I’ve made a decision about how to move forward and I’m not sure how Chelsea will take it, but I’m going to tell her anyway.

“I’m done with the apps,” I tell her and she gasps.

“But the lore, the endless entertainment we get from you being on apps,” she complains and I give her a glare. “You’re right, this isn’t about me.”

“I’m not looking to date, and while a lot of guys on there aren’t either, so many of them suck,” I complain.

They suck at sex, just looking to bust their load and dip, no interest in exploring kink or power dynamics. Others are looking to date and see me as someone who’s biological clock is ticking while I clearly state in my profile that I don’t want children. Which leads me to believe half of these motherfuckers can’t read.

“I figure I can use money to solve the problem,” I tell her and she looks at me wide-eyed.

“A prostitute?” she says, grabbing the stem of the champagne flute like a high society housewife would clutch their pearls.

“No, dumbass. I’m signing up for a sex club.”

“Those are a real thing?” Chelsea asks, and I nod.

“Yes, it’s a real thing.

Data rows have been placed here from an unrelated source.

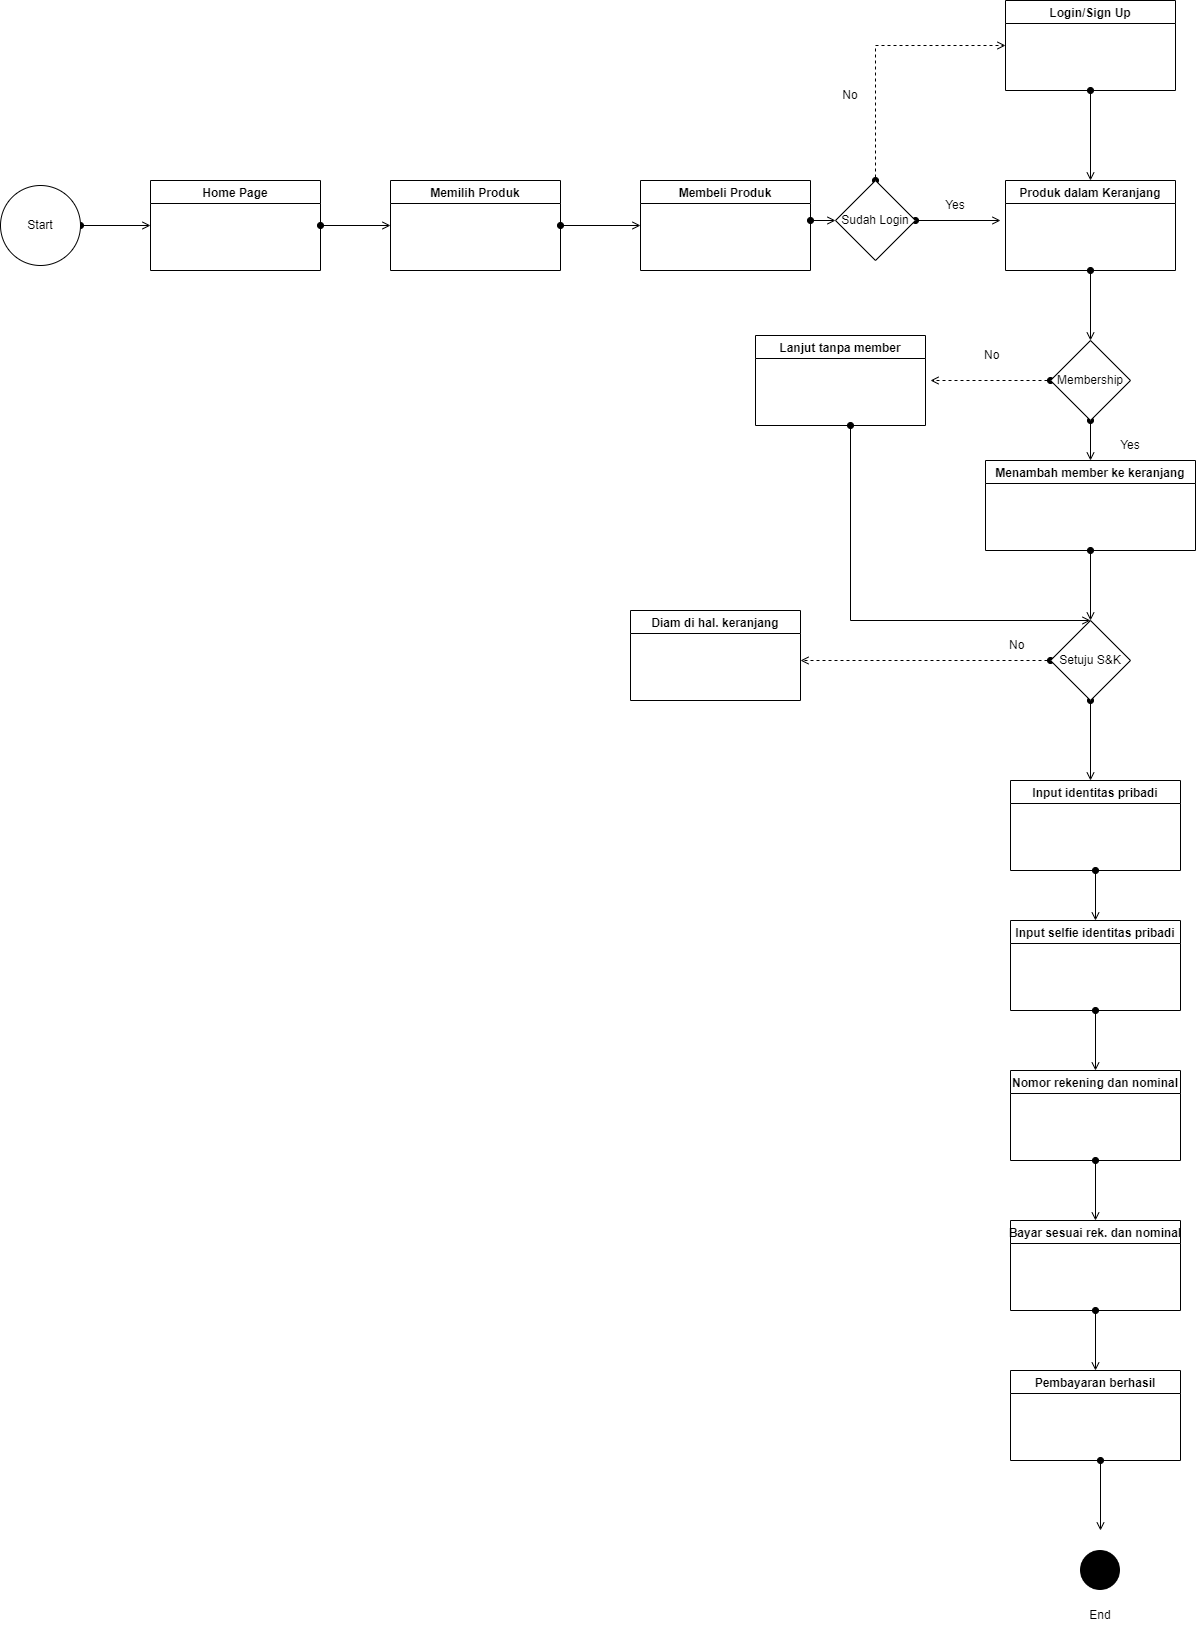

The diagram above was exported from draw.io. Its source (the exported page's mxGraphModel, read from the mxfile embedded in the PNG):
<mxGraphModel dx="2138" dy="1421" grid="1" gridSize="10" guides="1" tooltips="1" connect="1" arrows="1" fold="1" page="1" pageScale="1" pageWidth="1100" pageHeight="850" math="0" shadow="0">
  <root>
    <mxCell id="B-SB_BcANr1TY4CXKC3e-0" />
    <mxCell id="B-SB_BcANr1TY4CXKC3e-1" parent="B-SB_BcANr1TY4CXKC3e-0" />
    <mxCell id="B-SB_BcANr1TY4CXKC3e-5" style="edgeStyle=orthogonalEdgeStyle;rounded=0;orthogonalLoop=1;jettySize=auto;html=1;entryX=0;entryY=0.5;entryDx=0;entryDy=0;startArrow=oval;startFill=1;endArrow=open;endFill=0;" parent="B-SB_BcANr1TY4CXKC3e-1" source="B-SB_BcANr1TY4CXKC3e-2" target="B-SB_BcANr1TY4CXKC3e-4" edge="1">
      <mxGeometry relative="1" as="geometry" />
    </mxCell>
    <mxCell id="B-SB_BcANr1TY4CXKC3e-2" value="Start" style="ellipse;whiteSpace=wrap;html=1;aspect=fixed;" parent="B-SB_BcANr1TY4CXKC3e-1" vertex="1">
      <mxGeometry x="-140" y="35" width="80" height="80" as="geometry" />
    </mxCell>
    <mxCell id="B-SB_BcANr1TY4CXKC3e-7" style="edgeStyle=orthogonalEdgeStyle;rounded=0;orthogonalLoop=1;jettySize=auto;html=1;entryX=0;entryY=0.5;entryDx=0;entryDy=0;startArrow=oval;startFill=1;endArrow=open;endFill=0;" parent="B-SB_BcANr1TY4CXKC3e-1" source="B-SB_BcANr1TY4CXKC3e-4" target="B-SB_BcANr1TY4CXKC3e-6" edge="1">
      <mxGeometry relative="1" as="geometry" />
    </mxCell>
    <mxCell id="B-SB_BcANr1TY4CXKC3e-4" value="Home Page" style="swimlane;" parent="B-SB_BcANr1TY4CXKC3e-1" vertex="1">
      <mxGeometry x="10" y="30" width="170" height="90" as="geometry" />
    </mxCell>
    <mxCell id="B-SB_BcANr1TY4CXKC3e-15" style="edgeStyle=orthogonalEdgeStyle;rounded=0;orthogonalLoop=1;jettySize=auto;html=1;entryX=0;entryY=0.5;entryDx=0;entryDy=0;startArrow=oval;startFill=1;endArrow=open;endFill=0;" parent="B-SB_BcANr1TY4CXKC3e-1" source="B-SB_BcANr1TY4CXKC3e-6" target="B-SB_BcANr1TY4CXKC3e-24" edge="1">
      <mxGeometry relative="1" as="geometry">
        <mxPoint x="495" y="75" as="targetPoint" />
      </mxGeometry>
    </mxCell>
    <mxCell id="B-SB_BcANr1TY4CXKC3e-6" value="Memilih Produk" style="swimlane;" parent="B-SB_BcANr1TY4CXKC3e-1" vertex="1">
      <mxGeometry x="250" y="30" width="170" height="90" as="geometry" />
    </mxCell>
    <mxCell id="B-SB_BcANr1TY4CXKC3e-16" style="edgeStyle=orthogonalEdgeStyle;rounded=0;orthogonalLoop=1;jettySize=auto;html=1;startArrow=oval;startFill=1;endArrow=open;endFill=0;" parent="B-SB_BcANr1TY4CXKC3e-1" source="B-SB_BcANr1TY4CXKC3e-14" edge="1">
      <mxGeometry relative="1" as="geometry">
        <mxPoint x="860" y="70" as="targetPoint" />
      </mxGeometry>
    </mxCell>
    <mxCell id="B-SB_BcANr1TY4CXKC3e-20" style="edgeStyle=orthogonalEdgeStyle;rounded=0;orthogonalLoop=1;jettySize=auto;html=1;startArrow=oval;startFill=1;endArrow=open;endFill=0;entryX=0;entryY=0.5;entryDx=0;entryDy=0;dashed=1;" parent="B-SB_BcANr1TY4CXKC3e-1" source="B-SB_BcANr1TY4CXKC3e-14" target="B-SB_BcANr1TY4CXKC3e-21" edge="1">
      <mxGeometry relative="1" as="geometry">
        <mxPoint x="735" y="-130" as="targetPoint" />
        <Array as="points">
          <mxPoint x="735" y="-105" />
        </Array>
      </mxGeometry>
    </mxCell>
    <mxCell id="B-SB_BcANr1TY4CXKC3e-14" value="Sudah Login" style="rhombus;whiteSpace=wrap;html=1;" parent="B-SB_BcANr1TY4CXKC3e-1" vertex="1">
      <mxGeometry x="695" y="30" width="80" height="80" as="geometry" />
    </mxCell>
    <mxCell id="B-SB_BcANr1TY4CXKC3e-17" value="Yes" style="text;html=1;strokeColor=none;fillColor=none;align=center;verticalAlign=middle;whiteSpace=wrap;rounded=0;" parent="B-SB_BcANr1TY4CXKC3e-1" vertex="1">
      <mxGeometry x="785" y="40" width="60" height="30" as="geometry" />
    </mxCell>
    <mxCell id="B-SB_BcANr1TY4CXKC3e-26" style="edgeStyle=orthogonalEdgeStyle;rounded=0;orthogonalLoop=1;jettySize=auto;html=1;startArrow=oval;startFill=1;endArrow=open;endFill=0;" parent="B-SB_BcANr1TY4CXKC3e-1" source="B-SB_BcANr1TY4CXKC3e-18" edge="1">
      <mxGeometry relative="1" as="geometry">
        <mxPoint x="950" y="190" as="targetPoint" />
      </mxGeometry>
    </mxCell>
    <mxCell id="B-SB_BcANr1TY4CXKC3e-18" value="Produk dalam Keranjang" style="swimlane;" parent="B-SB_BcANr1TY4CXKC3e-1" vertex="1">
      <mxGeometry x="865" y="30" width="170" height="90" as="geometry" />
    </mxCell>
    <mxCell id="B-SB_BcANr1TY4CXKC3e-23" style="edgeStyle=orthogonalEdgeStyle;rounded=0;orthogonalLoop=1;jettySize=auto;html=1;entryX=0.5;entryY=0;entryDx=0;entryDy=0;startArrow=oval;startFill=1;endArrow=open;endFill=0;" parent="B-SB_BcANr1TY4CXKC3e-1" source="B-SB_BcANr1TY4CXKC3e-21" target="B-SB_BcANr1TY4CXKC3e-18" edge="1">
      <mxGeometry relative="1" as="geometry" />
    </mxCell>
    <mxCell id="B-SB_BcANr1TY4CXKC3e-21" value="Login/Sign Up" style="swimlane;" parent="B-SB_BcANr1TY4CXKC3e-1" vertex="1">
      <mxGeometry x="865" y="-150" width="170" height="90" as="geometry" />
    </mxCell>
    <mxCell id="B-SB_BcANr1TY4CXKC3e-22" value="No" style="text;html=1;strokeColor=none;fillColor=none;align=center;verticalAlign=middle;whiteSpace=wrap;rounded=0;" parent="B-SB_BcANr1TY4CXKC3e-1" vertex="1">
      <mxGeometry x="680" y="-70" width="60" height="30" as="geometry" />
    </mxCell>
    <mxCell id="B-SB_BcANr1TY4CXKC3e-25" style="edgeStyle=orthogonalEdgeStyle;rounded=0;orthogonalLoop=1;jettySize=auto;html=1;entryX=0;entryY=0.5;entryDx=0;entryDy=0;startArrow=oval;startFill=1;endArrow=open;endFill=0;" parent="B-SB_BcANr1TY4CXKC3e-1" source="B-SB_BcANr1TY4CXKC3e-24" target="B-SB_BcANr1TY4CXKC3e-14" edge="1">
      <mxGeometry relative="1" as="geometry">
        <Array as="points">
          <mxPoint x="520" y="70" />
          <mxPoint x="520" y="70" />
        </Array>
      </mxGeometry>
    </mxCell>
    <mxCell id="B-SB_BcANr1TY4CXKC3e-24" value="Membeli Produk" style="swimlane;" parent="B-SB_BcANr1TY4CXKC3e-1" vertex="1">
      <mxGeometry x="500" y="30" width="170" height="90" as="geometry" />
    </mxCell>
    <mxCell id="B-SB_BcANr1TY4CXKC3e-28" style="edgeStyle=orthogonalEdgeStyle;rounded=0;orthogonalLoop=1;jettySize=auto;html=1;startArrow=oval;startFill=1;endArrow=open;endFill=0;" parent="B-SB_BcANr1TY4CXKC3e-1" source="B-SB_BcANr1TY4CXKC3e-27" edge="1">
      <mxGeometry relative="1" as="geometry">
        <mxPoint x="950" y="310" as="targetPoint" />
      </mxGeometry>
    </mxCell>
    <mxCell id="B-SB_BcANr1TY4CXKC3e-30" style="edgeStyle=orthogonalEdgeStyle;rounded=0;orthogonalLoop=1;jettySize=auto;html=1;startArrow=oval;startFill=1;endArrow=open;endFill=0;dashed=1;" parent="B-SB_BcANr1TY4CXKC3e-1" source="B-SB_BcANr1TY4CXKC3e-27" edge="1">
      <mxGeometry relative="1" as="geometry">
        <mxPoint x="790" y="230" as="targetPoint" />
      </mxGeometry>
    </mxCell>
    <mxCell id="B-SB_BcANr1TY4CXKC3e-27" value="Membership" style="rhombus;whiteSpace=wrap;html=1;" parent="B-SB_BcANr1TY4CXKC3e-1" vertex="1">
      <mxGeometry x="910" y="190" width="80" height="80" as="geometry" />
    </mxCell>
    <mxCell id="B-SB_BcANr1TY4CXKC3e-37" style="edgeStyle=orthogonalEdgeStyle;rounded=0;orthogonalLoop=1;jettySize=auto;html=1;entryX=0.5;entryY=0;entryDx=0;entryDy=0;startArrow=oval;startFill=1;endArrow=open;endFill=0;" parent="B-SB_BcANr1TY4CXKC3e-1" source="B-SB_BcANr1TY4CXKC3e-31" target="B-SB_BcANr1TY4CXKC3e-36" edge="1">
      <mxGeometry relative="1" as="geometry">
        <Array as="points">
          <mxPoint x="710" y="470" />
        </Array>
      </mxGeometry>
    </mxCell>
    <mxCell id="B-SB_BcANr1TY4CXKC3e-31" value="Lanjut tanpa member" style="swimlane;" parent="B-SB_BcANr1TY4CXKC3e-1" vertex="1">
      <mxGeometry x="615" y="185" width="170" height="90" as="geometry" />
    </mxCell>
    <mxCell id="B-SB_BcANr1TY4CXKC3e-38" style="edgeStyle=orthogonalEdgeStyle;rounded=0;orthogonalLoop=1;jettySize=auto;html=1;startArrow=oval;startFill=1;endArrow=open;endFill=0;" parent="B-SB_BcANr1TY4CXKC3e-1" source="B-SB_BcANr1TY4CXKC3e-32" target="B-SB_BcANr1TY4CXKC3e-36" edge="1">
      <mxGeometry relative="1" as="geometry" />
    </mxCell>
    <mxCell id="B-SB_BcANr1TY4CXKC3e-32" value="Menambah member ke keranjang" style="swimlane;" parent="B-SB_BcANr1TY4CXKC3e-1" vertex="1">
      <mxGeometry x="845" y="310" width="210" height="90" as="geometry" />
    </mxCell>
    <mxCell id="B-SB_BcANr1TY4CXKC3e-33" value="Yes" style="text;html=1;strokeColor=none;fillColor=none;align=center;verticalAlign=middle;whiteSpace=wrap;rounded=0;" parent="B-SB_BcANr1TY4CXKC3e-1" vertex="1">
      <mxGeometry x="960" y="280" width="60" height="30" as="geometry" />
    </mxCell>
    <mxCell id="B-SB_BcANr1TY4CXKC3e-34" value="&amp;nbsp;No" style="text;html=1;strokeColor=none;fillColor=none;align=center;verticalAlign=middle;whiteSpace=wrap;rounded=0;" parent="B-SB_BcANr1TY4CXKC3e-1" vertex="1">
      <mxGeometry x="820" y="190" width="60" height="30" as="geometry" />
    </mxCell>
    <mxCell id="B-SB_BcANr1TY4CXKC3e-39" style="edgeStyle=orthogonalEdgeStyle;rounded=0;orthogonalLoop=1;jettySize=auto;html=1;startArrow=oval;startFill=1;endArrow=open;endFill=0;dashed=1;" parent="B-SB_BcANr1TY4CXKC3e-1" source="B-SB_BcANr1TY4CXKC3e-36" edge="1">
      <mxGeometry relative="1" as="geometry">
        <mxPoint x="660" y="510" as="targetPoint" />
      </mxGeometry>
    </mxCell>
    <mxCell id="B-SB_BcANr1TY4CXKC3e-42" style="edgeStyle=orthogonalEdgeStyle;rounded=0;orthogonalLoop=1;jettySize=auto;html=1;startArrow=oval;startFill=1;endArrow=open;endFill=0;" parent="B-SB_BcANr1TY4CXKC3e-1" source="B-SB_BcANr1TY4CXKC3e-36" edge="1">
      <mxGeometry relative="1" as="geometry">
        <mxPoint x="950" y="630" as="targetPoint" />
      </mxGeometry>
    </mxCell>
    <mxCell id="B-SB_BcANr1TY4CXKC3e-36" value="Setuju S&amp;amp;K" style="rhombus;whiteSpace=wrap;html=1;" parent="B-SB_BcANr1TY4CXKC3e-1" vertex="1">
      <mxGeometry x="910" y="470" width="80" height="80" as="geometry" />
    </mxCell>
    <mxCell id="B-SB_BcANr1TY4CXKC3e-40" value="Diam di hal. keranjang" style="swimlane;" parent="B-SB_BcANr1TY4CXKC3e-1" vertex="1">
      <mxGeometry x="490" y="460" width="170" height="90" as="geometry" />
    </mxCell>
    <mxCell id="B-SB_BcANr1TY4CXKC3e-41" value="&amp;nbsp;No" style="text;html=1;strokeColor=none;fillColor=none;align=center;verticalAlign=middle;whiteSpace=wrap;rounded=0;" parent="B-SB_BcANr1TY4CXKC3e-1" vertex="1">
      <mxGeometry x="845" y="480" width="60" height="30" as="geometry" />
    </mxCell>
    <mxCell id="B-SB_BcANr1TY4CXKC3e-44" style="edgeStyle=orthogonalEdgeStyle;rounded=0;orthogonalLoop=1;jettySize=auto;html=1;startArrow=oval;startFill=1;endArrow=open;endFill=0;" parent="B-SB_BcANr1TY4CXKC3e-1" source="B-SB_BcANr1TY4CXKC3e-43" edge="1">
      <mxGeometry relative="1" as="geometry">
        <mxPoint x="955" y="770" as="targetPoint" />
      </mxGeometry>
    </mxCell>
    <mxCell id="B-SB_BcANr1TY4CXKC3e-43" value="Input identitas pribadi" style="swimlane;" parent="B-SB_BcANr1TY4CXKC3e-1" vertex="1">
      <mxGeometry x="870" y="630" width="170" height="90" as="geometry" />
    </mxCell>
    <mxCell id="B-SB_BcANr1TY4CXKC3e-46" style="edgeStyle=orthogonalEdgeStyle;rounded=0;orthogonalLoop=1;jettySize=auto;html=1;startArrow=oval;startFill=1;endArrow=open;endFill=0;" parent="B-SB_BcANr1TY4CXKC3e-1" source="B-SB_BcANr1TY4CXKC3e-45" edge="1">
      <mxGeometry relative="1" as="geometry">
        <mxPoint x="955" y="920" as="targetPoint" />
      </mxGeometry>
    </mxCell>
    <mxCell id="B-SB_BcANr1TY4CXKC3e-45" value="Input selfie identitas pribadi" style="swimlane;" parent="B-SB_BcANr1TY4CXKC3e-1" vertex="1">
      <mxGeometry x="870" y="770" width="170" height="90" as="geometry" />
    </mxCell>
    <mxCell id="B-SB_BcANr1TY4CXKC3e-50" style="edgeStyle=orthogonalEdgeStyle;rounded=0;orthogonalLoop=1;jettySize=auto;html=1;entryX=0.5;entryY=0;entryDx=0;entryDy=0;startArrow=oval;startFill=1;endArrow=open;endFill=0;" parent="B-SB_BcANr1TY4CXKC3e-1" source="B-SB_BcANr1TY4CXKC3e-47" target="B-SB_BcANr1TY4CXKC3e-48" edge="1">
      <mxGeometry relative="1" as="geometry" />
    </mxCell>
    <mxCell id="B-SB_BcANr1TY4CXKC3e-47" value="Nomor rekening dan nominal" style="swimlane;startSize=23;" parent="B-SB_BcANr1TY4CXKC3e-1" vertex="1">
      <mxGeometry x="870" y="920" width="170" height="90" as="geometry" />
    </mxCell>
    <mxCell id="B-SB_BcANr1TY4CXKC3e-61" style="edgeStyle=orthogonalEdgeStyle;rounded=0;orthogonalLoop=1;jettySize=auto;html=1;entryX=0.5;entryY=0;entryDx=0;entryDy=0;startArrow=oval;startFill=1;endArrow=open;endFill=0;" parent="B-SB_BcANr1TY4CXKC3e-1" source="B-SB_BcANr1TY4CXKC3e-48" target="B-SB_BcANr1TY4CXKC3e-58" edge="1">
      <mxGeometry relative="1" as="geometry" />
    </mxCell>
    <mxCell id="B-SB_BcANr1TY4CXKC3e-48" value="Bayar sesuai rek. dan nominal" style="swimlane;" parent="B-SB_BcANr1TY4CXKC3e-1" vertex="1">
      <mxGeometry x="870" y="1070" width="170" height="90" as="geometry" />
    </mxCell>
    <mxCell id="B-SB_BcANr1TY4CXKC3e-52" style="edgeStyle=orthogonalEdgeStyle;rounded=0;orthogonalLoop=1;jettySize=auto;html=1;startArrow=oval;startFill=1;endArrow=open;endFill=0;" parent="B-SB_BcANr1TY4CXKC3e-1" edge="1">
      <mxGeometry relative="1" as="geometry">
        <mxPoint x="960" y="1310" as="sourcePoint" />
        <mxPoint x="960" y="1380" as="targetPoint" />
      </mxGeometry>
    </mxCell>
    <mxCell id="B-SB_BcANr1TY4CXKC3e-58" value="Pembayaran berhasil" style="swimlane;" parent="B-SB_BcANr1TY4CXKC3e-1" vertex="1">
      <mxGeometry x="870" y="1220" width="170" height="90" as="geometry" />
    </mxCell>
    <mxCell id="B-SB_BcANr1TY4CXKC3e-65" value="" style="shape=image;html=1;verticalAlign=top;verticalLabelPosition=bottom;labelBackgroundColor=#ffffff;imageAspect=0;aspect=fixed;image=https://cdn4.iconfinder.com/data/icons/essential-app-2/16/record-round-circle-dot-128.png" parent="B-SB_BcANr1TY4CXKC3e-1" vertex="1">
      <mxGeometry x="940" y="1400" width="40" height="40" as="geometry" />
    </mxCell>
    <mxCell id="B-SB_BcANr1TY4CXKC3e-66" value="End" style="text;html=1;strokeColor=none;fillColor=none;align=center;verticalAlign=middle;whiteSpace=wrap;rounded=0;" parent="B-SB_BcANr1TY4CXKC3e-1" vertex="1">
      <mxGeometry x="930" y="1450" width="60" height="30" as="geometry" />
    </mxCell>
  </root>
</mxGraphModel>

I found one I think will be a good fit. I think it will take a lot of the burden away from what I want, you know?”

“Kate, I mean this with all my heart, no. I don’t know. Explain it to me.”

Chelsea is happily married with a husband who gets her. They’re all over each other like horny teenagers, and she doesn’t have similar interests behind closed doors as I do.

“When I meet these guys on apps, they’re usually a complete disappointment.”

“Like Justin,” she says, and we both wince.

Justin looked good on paper, normal job, nice enough guy. But he wasn’t packing and didn’t know how to overcompensate with his hands or his mouth. When I didn’t finish, he called me a slut and said he wasn’t interested in me anyway.

“I’m on an exploration to find what I like and I’ve seen glimpses of it. But the club will be a place where men have the same ideas minus the mental labor of fielding them out through apps and continually being disappointed.”

All of my hook ups weren’t bad, I actually enjoyed some of them. Though, when I found myself comparing them to the stranger at the marina, they couldn’t hold a candle. Maybe I’d built up that memory in my mind, but deep down I know I didn’t. He was the standard I wanted for myself, and the apps weren’t providing it.

“I know to engage in the things I want to do there needs to be some sort of trust in there, which is hard when I don’t want a boyfriend and I don’t want to take chances on these online encounters anymore,” I reiterate and Chelsea nods her head, seeming to understand.

“I’m picturing a sex dungeon or like the red room,” Chelsea says and I laugh into my glass.

“Of course you would. It’s actually very classy. I took a tour yesterday and filled out all the paperwork.”

“So how much are we talking monthly?” she asks.

I hide myself behind my glass as I mumble the number.

“What was that?”

“Five thousand.”

“A month? Kate! Do you think your Aunt Helene would’ve predicted your trust fund would go to supporting a sex club membership?”

I wince and grab a piece of calamari as my best friend blinks at me. A typical associate art professor wouldn’t be able to afford it, but my situation of where my money comes from is unique and equally complicated.

Chelsea whistles. “If you think about the return on investment and how much each orgasm costs, damn,” she says, her economics brain doing overtime.

“It’s not just about that,” I tell her and she nods.